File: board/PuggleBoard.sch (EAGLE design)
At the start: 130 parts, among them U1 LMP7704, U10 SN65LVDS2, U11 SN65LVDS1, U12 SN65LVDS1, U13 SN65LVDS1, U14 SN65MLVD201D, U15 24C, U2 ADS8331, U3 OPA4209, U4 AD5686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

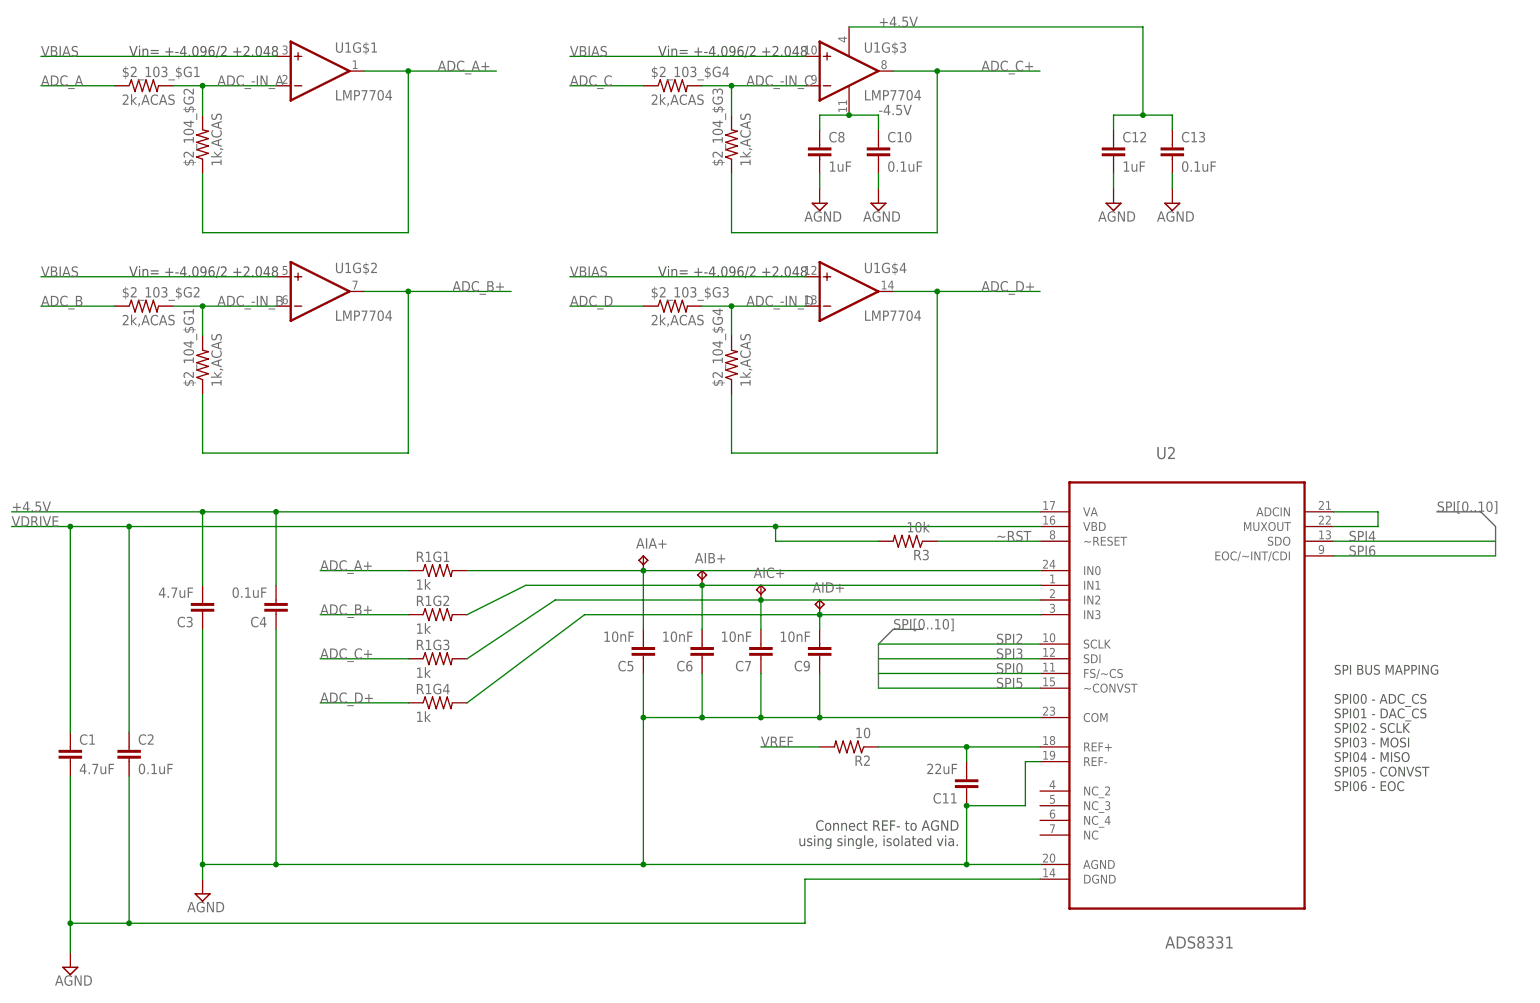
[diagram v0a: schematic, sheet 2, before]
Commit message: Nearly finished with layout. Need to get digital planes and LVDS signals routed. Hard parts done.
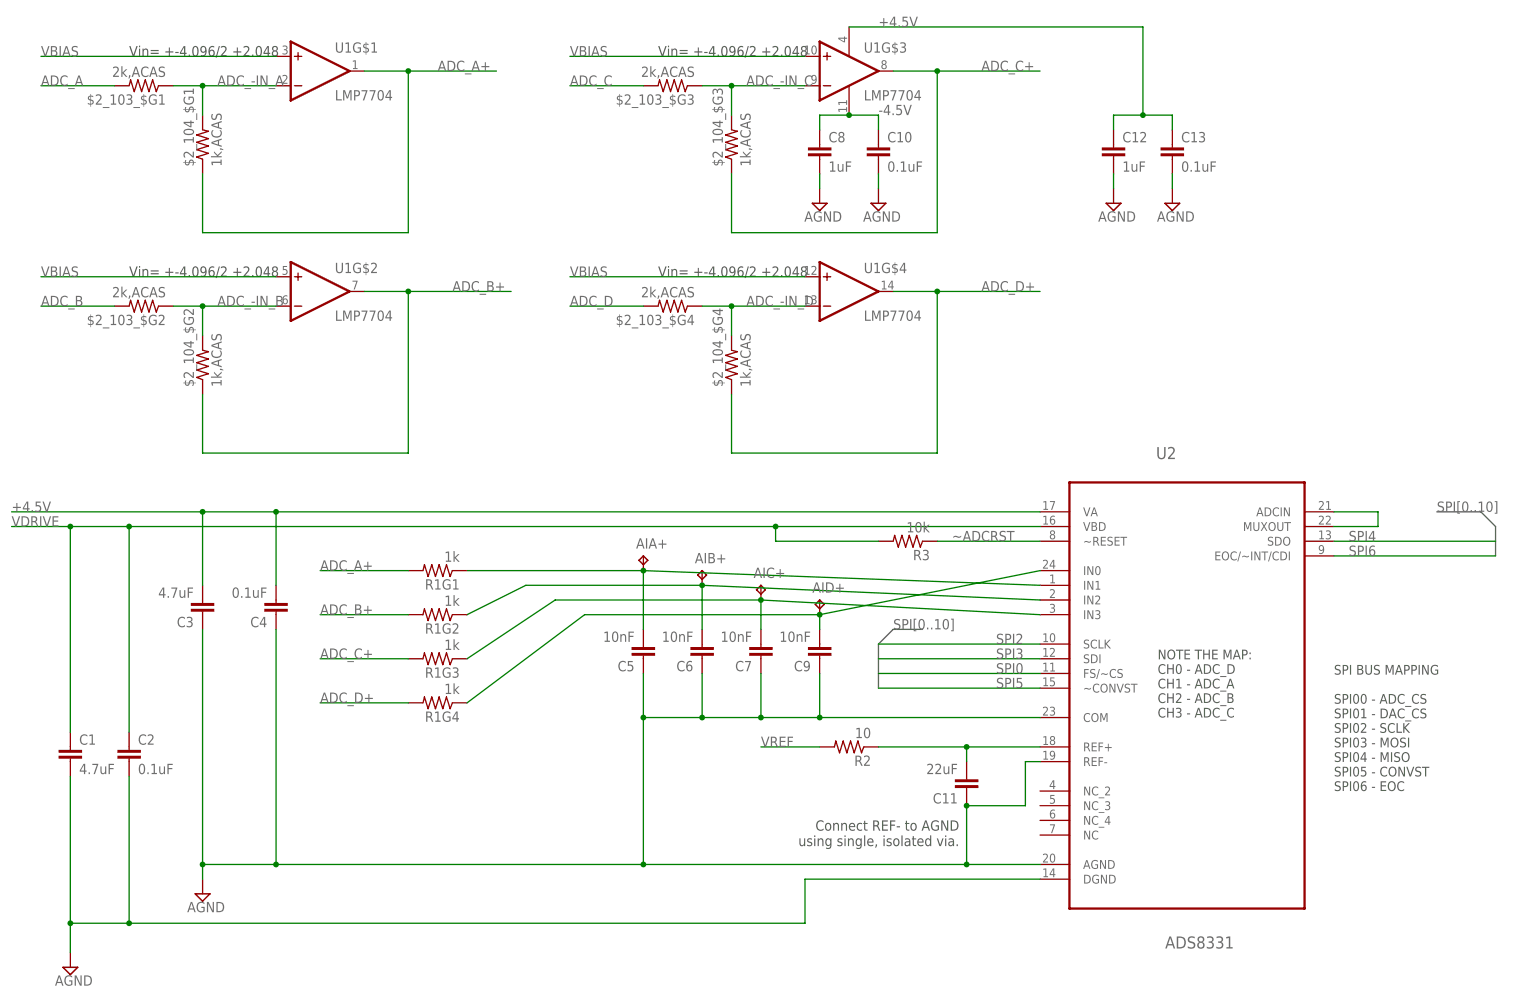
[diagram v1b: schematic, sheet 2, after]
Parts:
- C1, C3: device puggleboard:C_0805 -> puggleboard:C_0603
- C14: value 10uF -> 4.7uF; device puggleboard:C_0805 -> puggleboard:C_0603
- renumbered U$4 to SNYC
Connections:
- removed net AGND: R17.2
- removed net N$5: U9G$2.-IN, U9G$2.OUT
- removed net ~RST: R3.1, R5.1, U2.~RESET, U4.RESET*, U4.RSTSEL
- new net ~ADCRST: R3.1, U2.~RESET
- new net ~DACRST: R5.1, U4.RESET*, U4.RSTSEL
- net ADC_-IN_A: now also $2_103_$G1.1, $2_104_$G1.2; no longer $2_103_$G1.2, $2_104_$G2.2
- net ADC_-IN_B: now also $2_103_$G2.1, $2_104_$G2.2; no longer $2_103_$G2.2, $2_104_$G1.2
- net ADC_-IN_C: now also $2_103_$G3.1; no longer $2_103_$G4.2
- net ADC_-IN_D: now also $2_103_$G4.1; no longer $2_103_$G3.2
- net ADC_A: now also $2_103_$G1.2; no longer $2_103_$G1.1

Exercise directions: What is needed is an exact copy of every entry, with the pictures removed.

Task result:
File: board/PuggleBoard.sch (EAGLE design)
At the start: 130 parts, among them U1 LMP7704, U10 SN65LVDS2, U11 SN65LVDS1, U12 SN65LVDS1, U13 SN65LVDS1, U14 SN65MLVD201D, U15 24C, U2 ADS8331, U3 OPA4209, U4 AD5686

[diagram v0a: schematic, sheet 2, before]
Commit message: Nearly finished with layout. Need to get digital planes and LVDS signals routed. Hard parts done.
[diagram v1b: schematic, sheet 2, after]
Parts:
- C1, C3: device puggleboard:C_0805 -> puggleboard:C_0603
- C14: value 10uF -> 4.7uF; device puggleboard:C_0805 -> puggleboard:C_0603
- renumbered U$4 to SNYC
Connections:
- removed net AGND: R17.2
- removed net N$5: U9G$2.-IN, U9G$2.OUT
- removed net ~RST: R3.1, R5.1, U2.~RESET, U4.RESET*, U4.RSTSEL
- new net ~ADCRST: R3.1, U2.~RESET
- new net ~DACRST: R5.1, U4.RESET*, U4.RSTSEL
- net ADC_-IN_A: now also $2_103_$G1.1, $2_104_$G1.2; no longer $2_103_$G1.2, $2_104_$G2.2
- net ADC_-IN_B: now also $2_103_$G2.1, $2_104_$G2.2; no longer $2_103_$G2.2, $2_104_$G1.2
- net ADC_-IN_C: now also $2_103_$G3.1; no longer $2_103_$G4.2
- net ADC_-IN_D: now also $2_103_$G4.1; no longer $2_103_$G3.2
- net ADC_A: now also $2_103_$G1.2; no longer $2_103_$G1.1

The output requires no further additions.